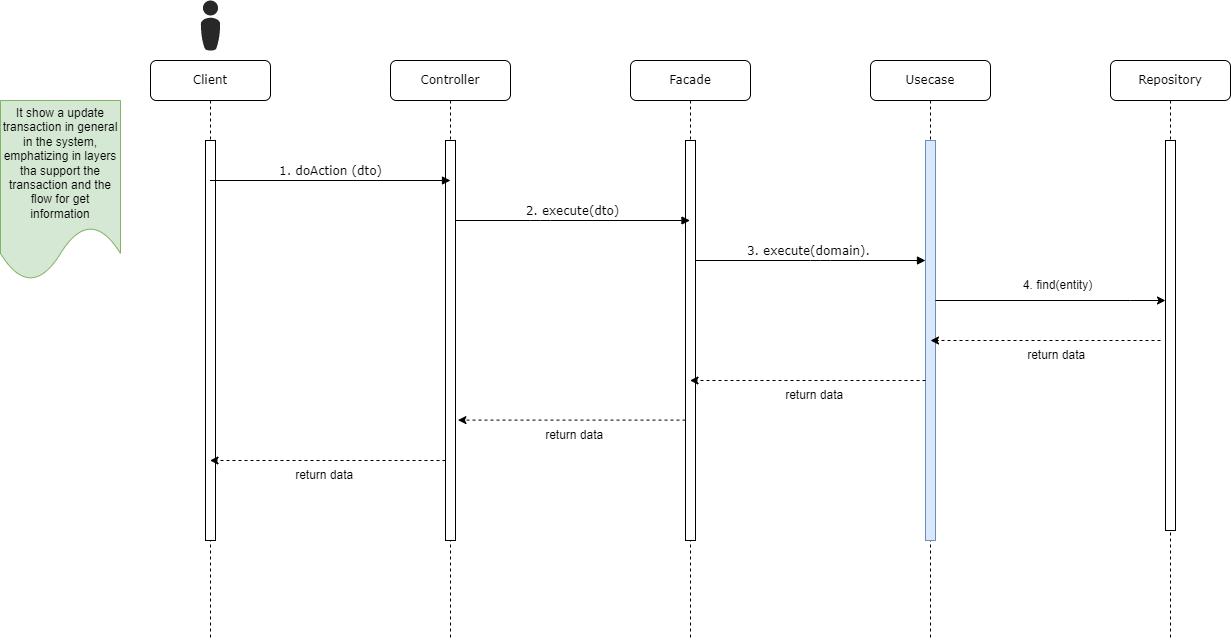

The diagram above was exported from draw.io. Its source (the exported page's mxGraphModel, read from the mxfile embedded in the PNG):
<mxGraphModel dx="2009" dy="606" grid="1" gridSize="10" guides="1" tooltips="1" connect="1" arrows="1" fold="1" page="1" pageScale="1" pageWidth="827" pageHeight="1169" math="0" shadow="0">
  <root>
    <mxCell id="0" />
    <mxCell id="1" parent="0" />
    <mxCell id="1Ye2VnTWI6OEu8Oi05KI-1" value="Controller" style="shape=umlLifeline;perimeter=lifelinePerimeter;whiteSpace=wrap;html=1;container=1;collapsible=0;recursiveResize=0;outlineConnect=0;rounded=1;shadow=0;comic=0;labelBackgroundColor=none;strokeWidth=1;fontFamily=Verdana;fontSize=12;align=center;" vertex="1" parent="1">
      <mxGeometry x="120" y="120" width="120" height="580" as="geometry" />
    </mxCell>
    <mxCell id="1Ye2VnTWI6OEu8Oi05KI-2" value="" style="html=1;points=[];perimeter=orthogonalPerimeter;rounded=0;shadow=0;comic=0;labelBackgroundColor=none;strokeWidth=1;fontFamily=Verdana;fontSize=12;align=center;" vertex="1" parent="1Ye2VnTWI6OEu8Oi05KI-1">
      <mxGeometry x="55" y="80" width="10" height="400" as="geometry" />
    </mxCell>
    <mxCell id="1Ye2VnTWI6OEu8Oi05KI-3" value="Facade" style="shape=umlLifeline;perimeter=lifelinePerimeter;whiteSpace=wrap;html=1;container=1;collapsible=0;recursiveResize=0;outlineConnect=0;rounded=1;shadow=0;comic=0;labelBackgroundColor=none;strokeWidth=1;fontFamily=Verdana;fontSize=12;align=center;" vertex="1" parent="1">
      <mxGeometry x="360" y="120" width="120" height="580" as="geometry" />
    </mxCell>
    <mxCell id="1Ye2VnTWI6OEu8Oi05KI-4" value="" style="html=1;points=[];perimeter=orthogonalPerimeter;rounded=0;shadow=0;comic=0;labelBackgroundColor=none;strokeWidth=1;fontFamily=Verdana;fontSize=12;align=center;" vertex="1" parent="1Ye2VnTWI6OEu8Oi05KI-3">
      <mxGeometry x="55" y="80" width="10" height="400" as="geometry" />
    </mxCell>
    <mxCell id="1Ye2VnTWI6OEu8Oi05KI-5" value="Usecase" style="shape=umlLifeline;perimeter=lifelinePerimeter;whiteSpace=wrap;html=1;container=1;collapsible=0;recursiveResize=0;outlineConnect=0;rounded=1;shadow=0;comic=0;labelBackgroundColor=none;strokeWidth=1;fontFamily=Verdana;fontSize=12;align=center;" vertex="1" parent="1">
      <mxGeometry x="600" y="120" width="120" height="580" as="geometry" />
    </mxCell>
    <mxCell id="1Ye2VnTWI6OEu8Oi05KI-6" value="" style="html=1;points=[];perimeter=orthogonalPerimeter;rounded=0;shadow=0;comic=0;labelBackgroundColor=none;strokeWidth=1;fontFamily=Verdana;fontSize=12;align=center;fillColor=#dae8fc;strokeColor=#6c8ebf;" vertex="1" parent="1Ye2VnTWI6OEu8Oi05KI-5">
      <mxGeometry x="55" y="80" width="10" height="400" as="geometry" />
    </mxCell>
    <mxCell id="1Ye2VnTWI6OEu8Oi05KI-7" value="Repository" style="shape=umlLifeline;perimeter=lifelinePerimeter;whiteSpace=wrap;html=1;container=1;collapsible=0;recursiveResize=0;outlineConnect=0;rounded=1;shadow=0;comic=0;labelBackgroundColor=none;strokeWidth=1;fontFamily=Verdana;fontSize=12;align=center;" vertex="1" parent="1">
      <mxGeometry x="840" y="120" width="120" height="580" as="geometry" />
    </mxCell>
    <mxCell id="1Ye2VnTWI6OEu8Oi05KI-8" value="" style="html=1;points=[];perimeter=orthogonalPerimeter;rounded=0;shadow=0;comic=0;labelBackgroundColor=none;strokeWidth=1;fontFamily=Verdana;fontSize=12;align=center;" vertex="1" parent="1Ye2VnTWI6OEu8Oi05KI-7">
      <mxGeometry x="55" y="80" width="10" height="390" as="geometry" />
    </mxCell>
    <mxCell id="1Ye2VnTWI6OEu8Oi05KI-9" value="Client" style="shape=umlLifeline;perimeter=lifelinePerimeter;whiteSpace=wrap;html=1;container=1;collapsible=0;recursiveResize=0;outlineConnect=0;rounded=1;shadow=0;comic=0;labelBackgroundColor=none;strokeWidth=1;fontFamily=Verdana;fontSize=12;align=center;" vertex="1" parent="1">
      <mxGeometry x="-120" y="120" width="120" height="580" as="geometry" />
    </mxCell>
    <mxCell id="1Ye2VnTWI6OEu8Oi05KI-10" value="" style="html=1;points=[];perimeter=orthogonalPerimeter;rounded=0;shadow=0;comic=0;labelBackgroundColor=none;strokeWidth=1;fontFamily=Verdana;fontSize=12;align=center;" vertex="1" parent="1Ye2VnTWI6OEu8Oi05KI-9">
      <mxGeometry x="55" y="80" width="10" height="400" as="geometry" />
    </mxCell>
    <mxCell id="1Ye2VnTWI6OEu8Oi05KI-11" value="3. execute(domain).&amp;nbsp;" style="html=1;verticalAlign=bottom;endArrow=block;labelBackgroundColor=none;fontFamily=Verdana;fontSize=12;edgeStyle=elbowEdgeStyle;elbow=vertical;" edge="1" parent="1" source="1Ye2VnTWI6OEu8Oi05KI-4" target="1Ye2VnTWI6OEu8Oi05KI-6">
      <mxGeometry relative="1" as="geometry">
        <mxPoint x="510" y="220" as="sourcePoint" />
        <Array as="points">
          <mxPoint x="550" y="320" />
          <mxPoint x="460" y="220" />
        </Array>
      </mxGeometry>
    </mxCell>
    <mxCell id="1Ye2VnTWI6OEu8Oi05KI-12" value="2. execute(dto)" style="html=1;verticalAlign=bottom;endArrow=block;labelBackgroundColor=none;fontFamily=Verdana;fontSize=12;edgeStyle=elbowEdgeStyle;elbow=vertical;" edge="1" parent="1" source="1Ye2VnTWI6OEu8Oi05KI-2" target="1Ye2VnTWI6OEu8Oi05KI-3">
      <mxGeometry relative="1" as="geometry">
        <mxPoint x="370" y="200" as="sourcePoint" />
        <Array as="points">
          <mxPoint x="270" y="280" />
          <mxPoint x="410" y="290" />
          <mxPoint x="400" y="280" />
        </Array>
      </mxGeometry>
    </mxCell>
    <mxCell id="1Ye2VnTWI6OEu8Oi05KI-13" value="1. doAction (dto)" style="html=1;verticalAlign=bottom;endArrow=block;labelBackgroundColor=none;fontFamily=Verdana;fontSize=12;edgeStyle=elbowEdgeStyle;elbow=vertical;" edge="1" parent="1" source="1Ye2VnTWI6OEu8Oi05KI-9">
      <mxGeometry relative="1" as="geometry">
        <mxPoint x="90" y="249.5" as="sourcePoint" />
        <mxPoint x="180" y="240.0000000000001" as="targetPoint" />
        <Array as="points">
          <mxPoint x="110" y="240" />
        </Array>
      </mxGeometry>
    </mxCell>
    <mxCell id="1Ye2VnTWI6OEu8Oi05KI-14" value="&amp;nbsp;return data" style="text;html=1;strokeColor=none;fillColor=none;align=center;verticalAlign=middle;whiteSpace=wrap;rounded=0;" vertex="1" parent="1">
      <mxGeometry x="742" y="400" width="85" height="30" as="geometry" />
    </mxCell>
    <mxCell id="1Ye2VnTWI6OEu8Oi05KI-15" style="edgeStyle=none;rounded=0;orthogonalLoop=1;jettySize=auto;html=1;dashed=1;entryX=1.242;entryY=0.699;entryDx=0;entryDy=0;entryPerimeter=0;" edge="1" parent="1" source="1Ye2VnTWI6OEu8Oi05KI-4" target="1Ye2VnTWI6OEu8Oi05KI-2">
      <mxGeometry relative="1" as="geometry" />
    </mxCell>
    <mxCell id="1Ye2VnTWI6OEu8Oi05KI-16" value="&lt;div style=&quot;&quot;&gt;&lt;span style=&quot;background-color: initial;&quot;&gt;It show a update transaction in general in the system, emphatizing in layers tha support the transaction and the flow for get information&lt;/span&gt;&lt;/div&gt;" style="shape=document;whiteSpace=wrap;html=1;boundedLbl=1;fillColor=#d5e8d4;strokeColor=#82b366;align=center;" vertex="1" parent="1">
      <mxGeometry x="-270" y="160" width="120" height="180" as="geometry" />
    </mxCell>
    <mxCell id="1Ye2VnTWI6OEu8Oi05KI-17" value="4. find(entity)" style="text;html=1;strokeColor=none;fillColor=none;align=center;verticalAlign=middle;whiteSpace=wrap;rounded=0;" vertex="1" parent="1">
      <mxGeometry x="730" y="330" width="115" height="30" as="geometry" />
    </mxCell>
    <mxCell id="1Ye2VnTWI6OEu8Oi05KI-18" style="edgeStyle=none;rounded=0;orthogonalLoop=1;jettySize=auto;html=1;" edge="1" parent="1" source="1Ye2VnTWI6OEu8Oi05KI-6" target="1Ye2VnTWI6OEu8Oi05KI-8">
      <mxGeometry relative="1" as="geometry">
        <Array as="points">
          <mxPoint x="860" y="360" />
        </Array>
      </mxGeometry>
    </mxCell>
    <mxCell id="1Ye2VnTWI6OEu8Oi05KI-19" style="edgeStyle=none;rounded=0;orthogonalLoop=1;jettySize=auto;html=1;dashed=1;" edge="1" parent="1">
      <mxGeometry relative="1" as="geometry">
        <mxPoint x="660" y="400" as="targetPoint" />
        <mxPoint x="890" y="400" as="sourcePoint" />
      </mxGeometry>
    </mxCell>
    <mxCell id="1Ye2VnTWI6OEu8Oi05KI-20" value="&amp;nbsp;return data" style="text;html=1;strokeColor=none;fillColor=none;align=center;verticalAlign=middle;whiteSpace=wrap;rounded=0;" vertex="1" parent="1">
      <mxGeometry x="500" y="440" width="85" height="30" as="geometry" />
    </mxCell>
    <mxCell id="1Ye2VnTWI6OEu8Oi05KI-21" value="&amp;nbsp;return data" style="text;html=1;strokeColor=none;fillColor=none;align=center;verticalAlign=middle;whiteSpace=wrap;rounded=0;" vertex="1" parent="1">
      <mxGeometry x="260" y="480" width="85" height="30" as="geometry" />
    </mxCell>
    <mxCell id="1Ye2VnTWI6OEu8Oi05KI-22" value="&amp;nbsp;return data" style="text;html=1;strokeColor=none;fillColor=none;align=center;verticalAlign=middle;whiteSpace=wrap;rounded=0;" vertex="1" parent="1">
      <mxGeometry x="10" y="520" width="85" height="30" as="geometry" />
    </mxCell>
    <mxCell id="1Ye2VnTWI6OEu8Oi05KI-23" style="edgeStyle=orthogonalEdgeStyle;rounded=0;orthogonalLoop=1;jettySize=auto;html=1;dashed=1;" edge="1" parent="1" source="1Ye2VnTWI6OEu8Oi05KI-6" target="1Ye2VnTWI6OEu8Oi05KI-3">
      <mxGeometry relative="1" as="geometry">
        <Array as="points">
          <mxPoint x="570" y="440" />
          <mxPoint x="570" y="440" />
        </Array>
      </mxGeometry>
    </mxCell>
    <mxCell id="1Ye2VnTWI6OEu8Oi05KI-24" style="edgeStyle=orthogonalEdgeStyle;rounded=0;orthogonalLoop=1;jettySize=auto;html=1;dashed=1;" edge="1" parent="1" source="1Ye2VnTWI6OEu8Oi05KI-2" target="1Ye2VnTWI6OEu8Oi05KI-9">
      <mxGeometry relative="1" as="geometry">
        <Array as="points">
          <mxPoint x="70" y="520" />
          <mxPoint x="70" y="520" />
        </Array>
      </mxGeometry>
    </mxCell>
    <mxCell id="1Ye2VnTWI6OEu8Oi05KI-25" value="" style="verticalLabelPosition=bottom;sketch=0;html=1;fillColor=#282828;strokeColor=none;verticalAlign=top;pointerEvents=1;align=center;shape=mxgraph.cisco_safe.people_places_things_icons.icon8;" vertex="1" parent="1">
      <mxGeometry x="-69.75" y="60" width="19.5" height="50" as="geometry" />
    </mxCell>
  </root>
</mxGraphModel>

» **Work order**:
The word to find is "collapsible". Copy every line of the records that holds it.

» **Task solution**:
    <mxCell id="1Ye2VnTWI6OEu8Oi05KI-1" value="Controller" style="shape=umlLifeline;perimeter=lifelinePerimeter;whiteSpace=wrap;html=1;container=1;collapsible=0;recursiveResize=0;outlineConnect=0;rounded=1;shadow=0;comic=0;labelBackgroundColor=none;strokeWidth=1;fontFamily=Verdana;fontSize=12;align=center;" vertex="1" parent="1">
    <mxCell id="1Ye2VnTWI6OEu8Oi05KI-3" value="Facade" style="shape=umlLifeline;perimeter=lifelinePerimeter;whiteSpace=wrap;html=1;container=1;collapsible=0;recursiveResize=0;outlineConnect=0;rounded=1;shadow=0;comic=0;labelBackgroundColor=none;strokeWidth=1;fontFamily=Verdana;fontSize=12;align=center;" vertex="1" parent="1">
    <mxCell id="1Ye2VnTWI6OEu8Oi05KI-5" value="Usecase" style="shape=umlLifeline;perimeter=lifelinePerimeter;whiteSpace=wrap;html=1;container=1;collapsible=0;recursiveResize=0;outlineConnect=0;rounded=1;shadow=0;comic=0;labelBackgroundColor=none;strokeWidth=1;fontFamily=Verdana;fontSize=12;align=center;" vertex="1" parent="1">
    <mxCell id="1Ye2VnTWI6OEu8Oi05KI-7" value="Repository" style="shape=umlLifeline;perimeter=lifelinePerimeter;whiteSpace=wrap;html=1;container=1;collapsible=0;recursiveResize=0;outlineConnect=0;rounded=1;shadow=0;comic=0;labelBackgroundColor=none;strokeWidth=1;fontFamily=Verdana;fontSize=12;align=center;" vertex="1" parent="1">
    <mxCell id="1Ye2VnTWI6OEu8Oi05KI-9" value="Client" style="shape=umlLifeline;perimeter=lifelinePerimeter;whiteSpace=wrap;html=1;container=1;collapsible=0;recursiveResize=0;outlineConnect=0;rounded=1;shadow=0;comic=0;labelBackgroundColor=none;strokeWidth=1;fontFamily=Verdana;fontSize=12;align=center;" vertex="1" parent="1">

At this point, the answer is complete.